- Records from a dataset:
* * * * *
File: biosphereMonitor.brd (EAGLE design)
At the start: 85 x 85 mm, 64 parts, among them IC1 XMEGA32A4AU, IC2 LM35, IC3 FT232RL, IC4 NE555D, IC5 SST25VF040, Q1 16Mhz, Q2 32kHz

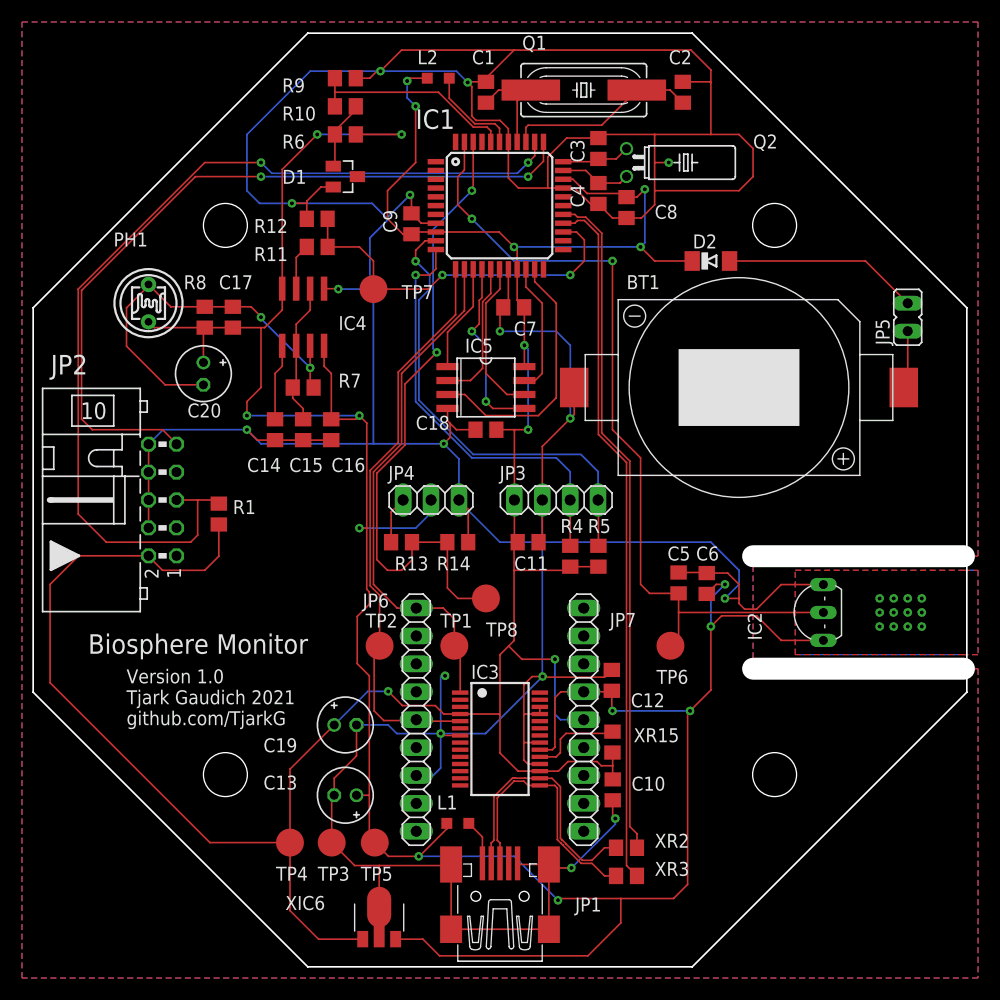
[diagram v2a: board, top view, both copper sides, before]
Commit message: changed some footprints
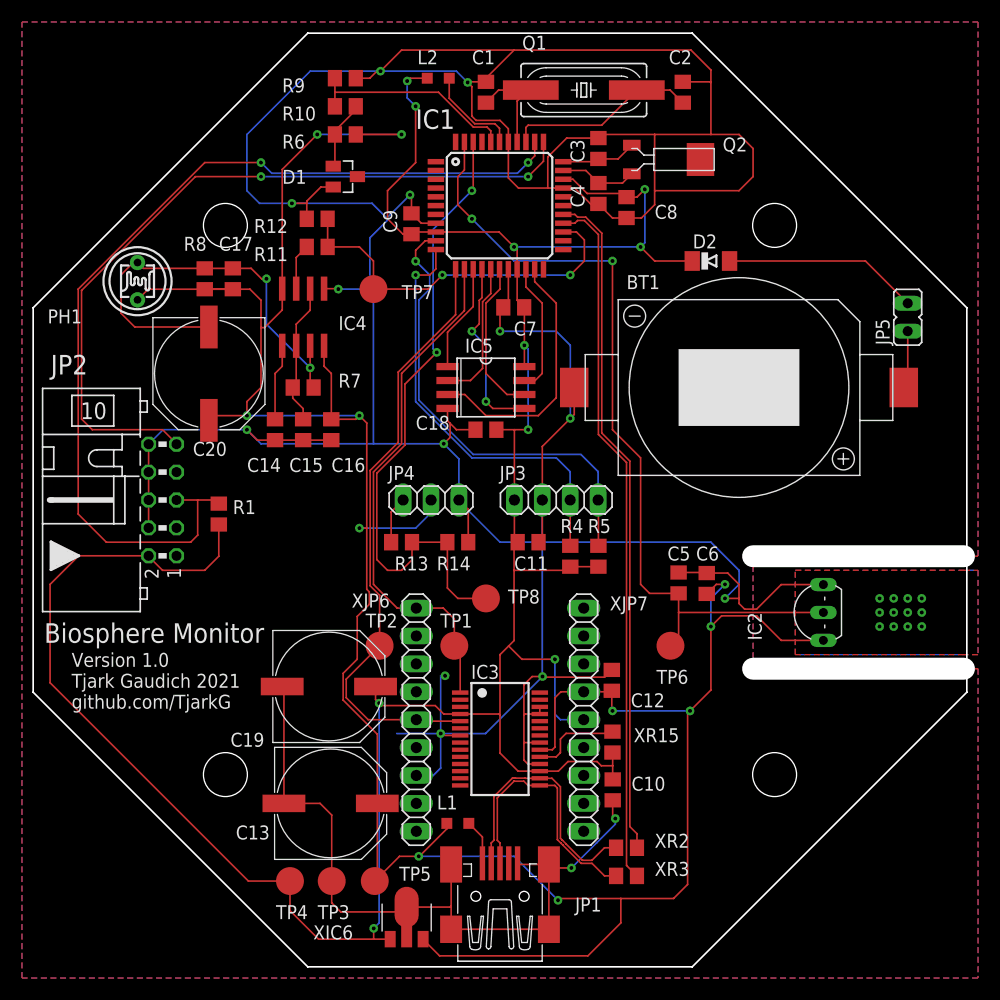
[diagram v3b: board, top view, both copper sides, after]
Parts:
- C13, C19, C20: value 4,7µF -> 220µ; device rcl:E2-5 -> rcl:PANASONIC_G
- Q1: device crystal:HC49UP -> crystal:SM49
- Q2: device crystal:TC38H -> Tjarks_Bauteile (1):MS1V
- moved C19 3.81 mm to (-15.6, -17.0)
- moved C17 3.50 mm to (-24.3, 20.1)
- moved R8 3.50 mm to (-26.9, 20.1)
- moved TP3 3.50 mm to (-15.3, -34.7)
- moved TP4 3.50 mm to (-19.1, -34.7)
- moved TP5 3.50 mm to (-11.4, -34.7)
- moved XIC6 2.50 mm to (-8.50, -38.0)
- moved PH1 2.24 mm to (-33.0, 19.9)
- moved C13 1.53 mm to (-15.4, -27.6), turned to 0 degrees
- moved Q2 0.56 mm to (12.0, 31.0), turned to 180 degrees
- moved C20 0.50 mm to (-26.5, 11.5)
- renumbered JP6 to XJP6, JP7 to XJP7
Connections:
- net N$5: now also Q2.Q1; no longer Q2.1
- net N$6: now also Q2.Q2; no longer Q2.2
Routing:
- net +5V: track 246.8 -> 256.5 mm
- net +3V3: track 246.5 -> 252.1 mm, vias 9 -> 10
- net USB_RX: track 52.3 -> 55.9 mm
- net N$21: track 36.8 -> 40.0 mm
- net GND: track 475.1 -> 477.4 mm, vias 16 -> 15
- net N$5: track 6.25 -> 6.86 mm
- net N$6: track 6.48 -> 7.07 mm

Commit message: optimized layout optics
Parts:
- moved R6 0.23 mm to (-14.0, 33.5)
- moved R10 0.18 mm to (-14.0, 36.0), turned to 180 degrees
- moved R9 0.13 mm to (-14.0, 38.5), turned to 0 degrees
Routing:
- net GND: track 477.4 -> 479.9 mm, vias 15 -> 27
- net 1V: track 19.2 -> 16.7 mm
- net 2.5V: track 6.30 -> 5.71 mm
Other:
- outline, holes or cut-outs redrawn

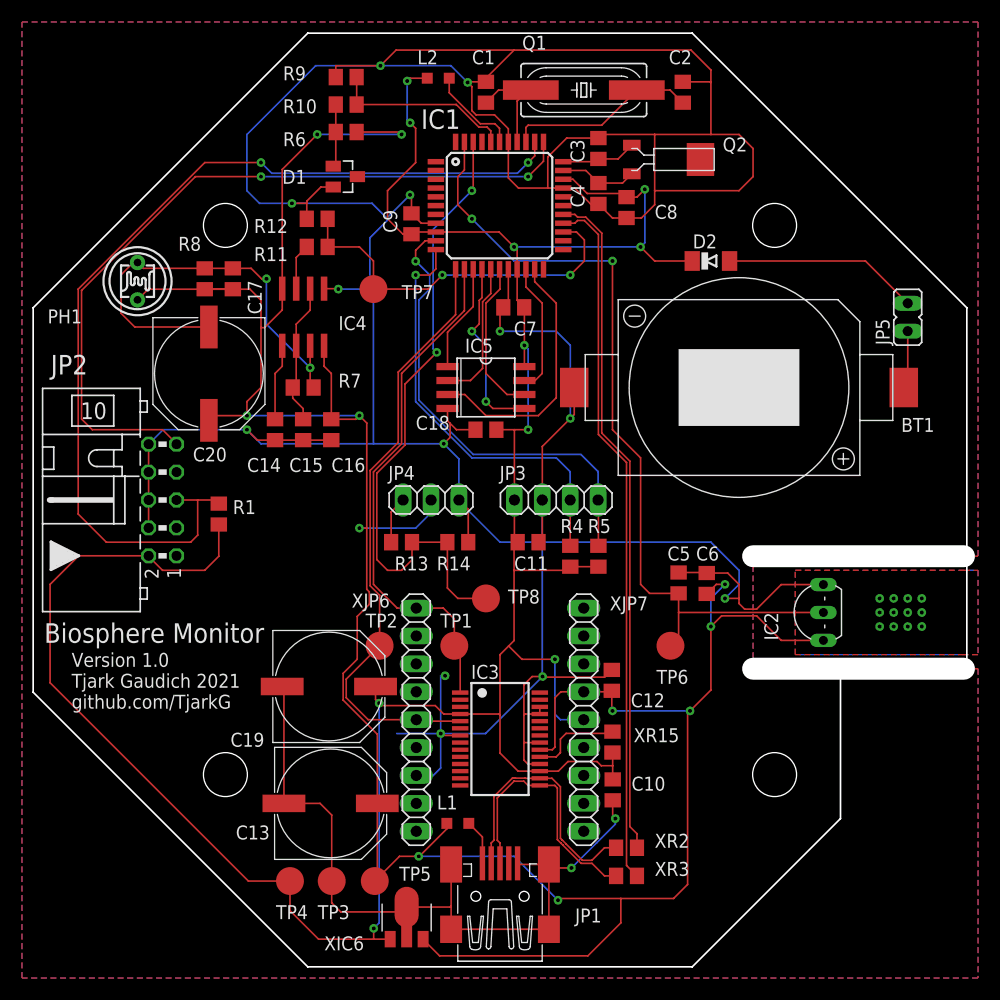
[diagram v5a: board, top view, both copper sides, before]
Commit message: removed unnecesary parts
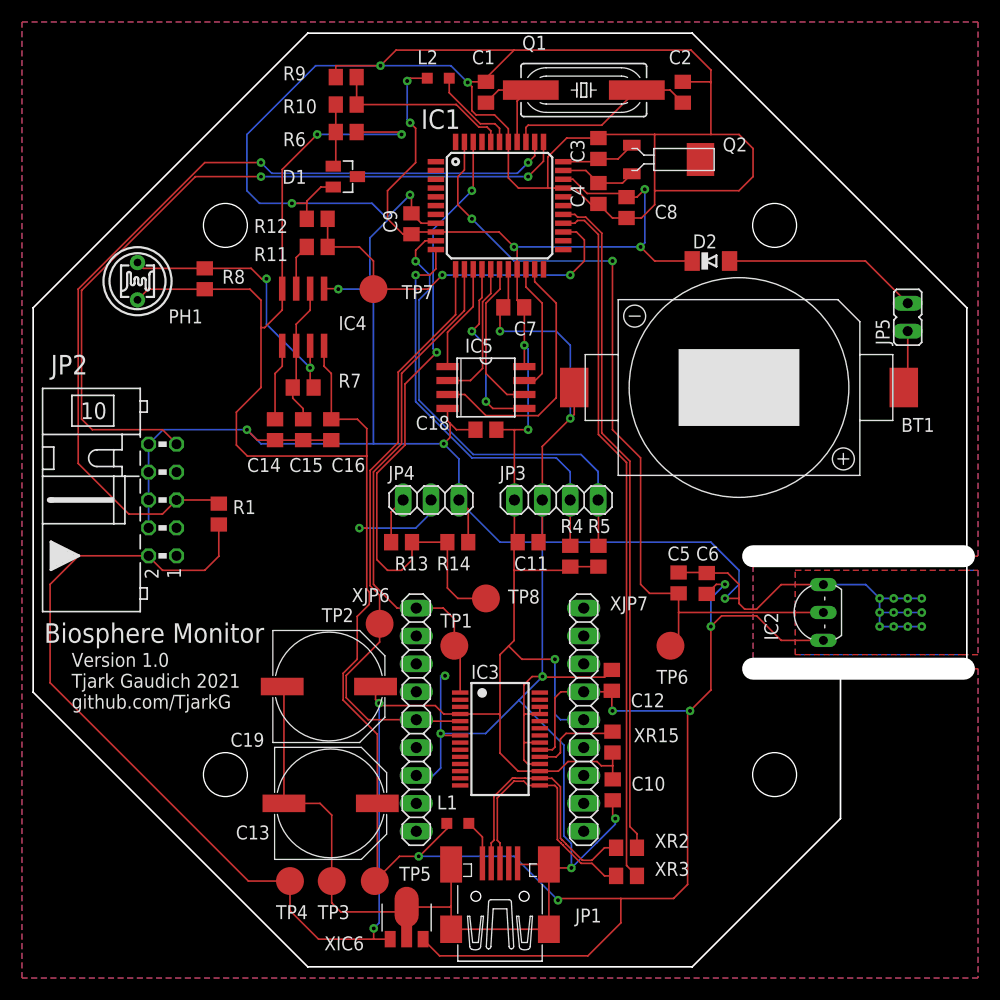
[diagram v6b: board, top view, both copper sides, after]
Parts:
- removed C17: 100n, rcl:C0805
- removed C20: 220µ, rcl:PANASONIC_G
- moved TP2 2.00 mm to (-11.0, -11.3)
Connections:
- net +5V: no longer C17.1, C20.+
- net N$21: no longer C17.2, C20.-
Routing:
- net GND: track 479.9 -> 512.9 mm
- net N$21: track 40.0 -> 26.0 mm
- net N$1: track 88.5 -> 79.9 mm
- net +5V: track 256.5 -> 254.5 mm, vias 11 -> 9

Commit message: moved components away from screws
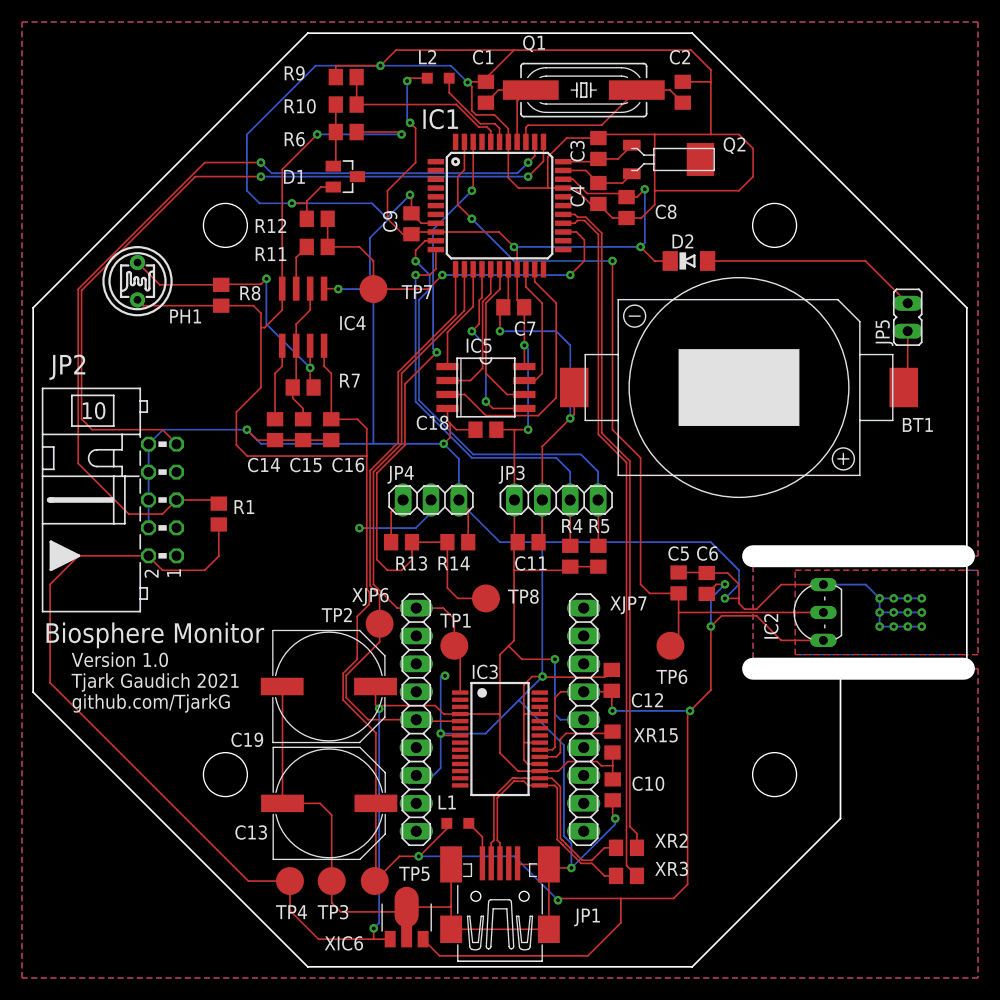
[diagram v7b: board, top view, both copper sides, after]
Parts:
- moved R8 2.12 mm to (-25.4, 18.6)
- moved D2 2.00 mm to (17.2, 21.8)
- moved C13 0.13 mm to (-15.5, -27.6)
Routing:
- net +5V: track 254.5 -> 252.2 mm
- net N$27: track 17.8 -> 19.8 mm
- net +3V3: track 252.1 -> 250.1 mm
- net USB_RX: track 55.9 -> 55.1 mm

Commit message: improved selftest
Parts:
- XIC6: value 78L05F -> 78L33
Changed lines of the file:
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@@
 <attribute name="SPICEPREFIX" value="C" x="-15.58" y="-16.98" size="1.778" layer="27" display="off"/>
 </element>
-<element name="XIC6" library="linear" library_urn="urn:adsk.eagle:library:262" package="SOT89" package3d_urn="urn:adsk.eagle:package:16478/2" value="78L05F" x="-8.5" y="-38" smashed="yes">
+<element name="XIC6" library="linear" library_urn="urn:adsk.eagle:library:262" package="SOT89" package3d_urn="urn:adsk.eagle:package:16478/2" value="78L33" x="-8.5" y="-38" smashed="yes">
 <attribute name="NAME" x="-16" y="-41" size="1.27" layer="25"/>
 <attribute name="POPULARITY" value="5" x="-8.5" y="-38" size="1.778" layer="27" display="off"/>
* * * * *
- TRY IT: Return every entry exactly, dropping the pictures.

- RESPONSE BOX:
File: biosphereMonitor.brd (EAGLE design)
At the start: 85 x 85 mm, 64 parts, among them IC1 XMEGA32A4AU, IC2 LM35, IC3 FT232RL, IC4 NE555D, IC5 SST25VF040, Q1 16Mhz, Q2 32kHz

[diagram v2a: board, top view, both copper sides, before]
Commit message: changed some footprints
[diagram v3b: board, top view, both copper sides, after]
Parts:
- C13, C19, C20: value 4,7µF -> 220µ; device rcl:E2-5 -> rcl:PANASONIC_G
- Q1: device crystal:HC49UP -> crystal:SM49
- Q2: device crystal:TC38H -> Tjarks_Bauteile (1):MS1V
- moved C19 3.81 mm to (-15.6, -17.0)
- moved C17 3.50 mm to (-24.3, 20.1)
- moved R8 3.50 mm to (-26.9, 20.1)
- moved TP3 3.50 mm to (-15.3, -34.7)
- moved TP4 3.50 mm to (-19.1, -34.7)
- moved TP5 3.50 mm to (-11.4, -34.7)
- moved XIC6 2.50 mm to (-8.50, -38.0)
- moved PH1 2.24 mm to (-33.0, 19.9)
- moved C13 1.53 mm to (-15.4, -27.6), turned to 0 degrees
- moved Q2 0.56 mm to (12.0, 31.0), turned to 180 degrees
- moved C20 0.50 mm to (-26.5, 11.5)
- renumbered JP6 to XJP6, JP7 to XJP7
Connections:
- net N$5: now also Q2.Q1; no longer Q2.1
- net N$6: now also Q2.Q2; no longer Q2.2
Routing:
- net +5V: track 246.8 -> 256.5 mm
- net +3V3: track 246.5 -> 252.1 mm, vias 9 -> 10
- net USB_RX: track 52.3 -> 55.9 mm
- net N$21: track 36.8 -> 40.0 mm
- net GND: track 475.1 -> 477.4 mm, vias 16 -> 15
- net N$5: track 6.25 -> 6.86 mm
- net N$6: track 6.48 -> 7.07 mm

Commit message: optimized layout optics
Parts:
- moved R6 0.23 mm to (-14.0, 33.5)
- moved R10 0.18 mm to (-14.0, 36.0), turned to 180 degrees
- moved R9 0.13 mm to (-14.0, 38.5), turned to 0 degrees
Routing:
- net GND: track 477.4 -> 479.9 mm, vias 15 -> 27
- net 1V: track 19.2 -> 16.7 mm
- net 2.5V: track 6.30 -> 5.71 mm
Other:
- outline, holes or cut-outs redrawn

[diagram v5a: board, top view, both copper sides, before]
Commit message: removed unnecesary parts
[diagram v6b: board, top view, both copper sides, after]
Parts:
- removed C17: 100n, rcl:C0805
- removed C20: 220µ, rcl:PANASONIC_G
- moved TP2 2.00 mm to (-11.0, -11.3)
Connections:
- net +5V: no longer C17.1, C20.+
- net N$21: no longer C17.2, C20.-
Routing:
- net GND: track 479.9 -> 512.9 mm
- net N$21: track 40.0 -> 26.0 mm
- net N$1: track 88.5 -> 79.9 mm
- net +5V: track 256.5 -> 254.5 mm, vias 11 -> 9

Commit message: moved components away from screws
[diagram v7b: board, top view, both copper sides, after]
Parts:
- moved R8 2.12 mm to (-25.4, 18.6)
- moved D2 2.00 mm to (17.2, 21.8)
- moved C13 0.13 mm to (-15.5, -27.6)
Routing:
- net +5V: track 254.5 -> 252.2 mm
- net N$27: track 17.8 -> 19.8 mm
- net +3V3: track 252.1 -> 250.1 mm
- net USB_RX: track 55.9 -> 55.1 mm

Commit message: improved selftest
Parts:
- XIC6: value 78L05F -> 78L33
Changed lines of the file:
@@
 <attribute name="SPICEPREFIX" value="C" x="-15.58" y="-16.98" size="1.778" layer="27" display="off"/>
 </element>
-<element name="XIC6" library="linear" library_urn="urn:adsk.eagle:library:262" package="SOT89" package3d_urn="urn:adsk.eagle:package:16478/2" value="78L05F" x="-8.5" y="-38" smashed="yes">
+<element name="XIC6" library="linear" library_urn="urn:adsk.eagle:library:262" package="SOT89" package3d_urn="urn:adsk.eagle:package:16478/2" value="78L33" x="-8.5" y="-38" smashed="yes">
 <attribute name="NAME" x="-16" y="-41" size="1.27" layer="25"/>
 <attribute name="POPULARITY" value="5" x="-8.5" y="-38" size="1.778" layer="27" display="off"/>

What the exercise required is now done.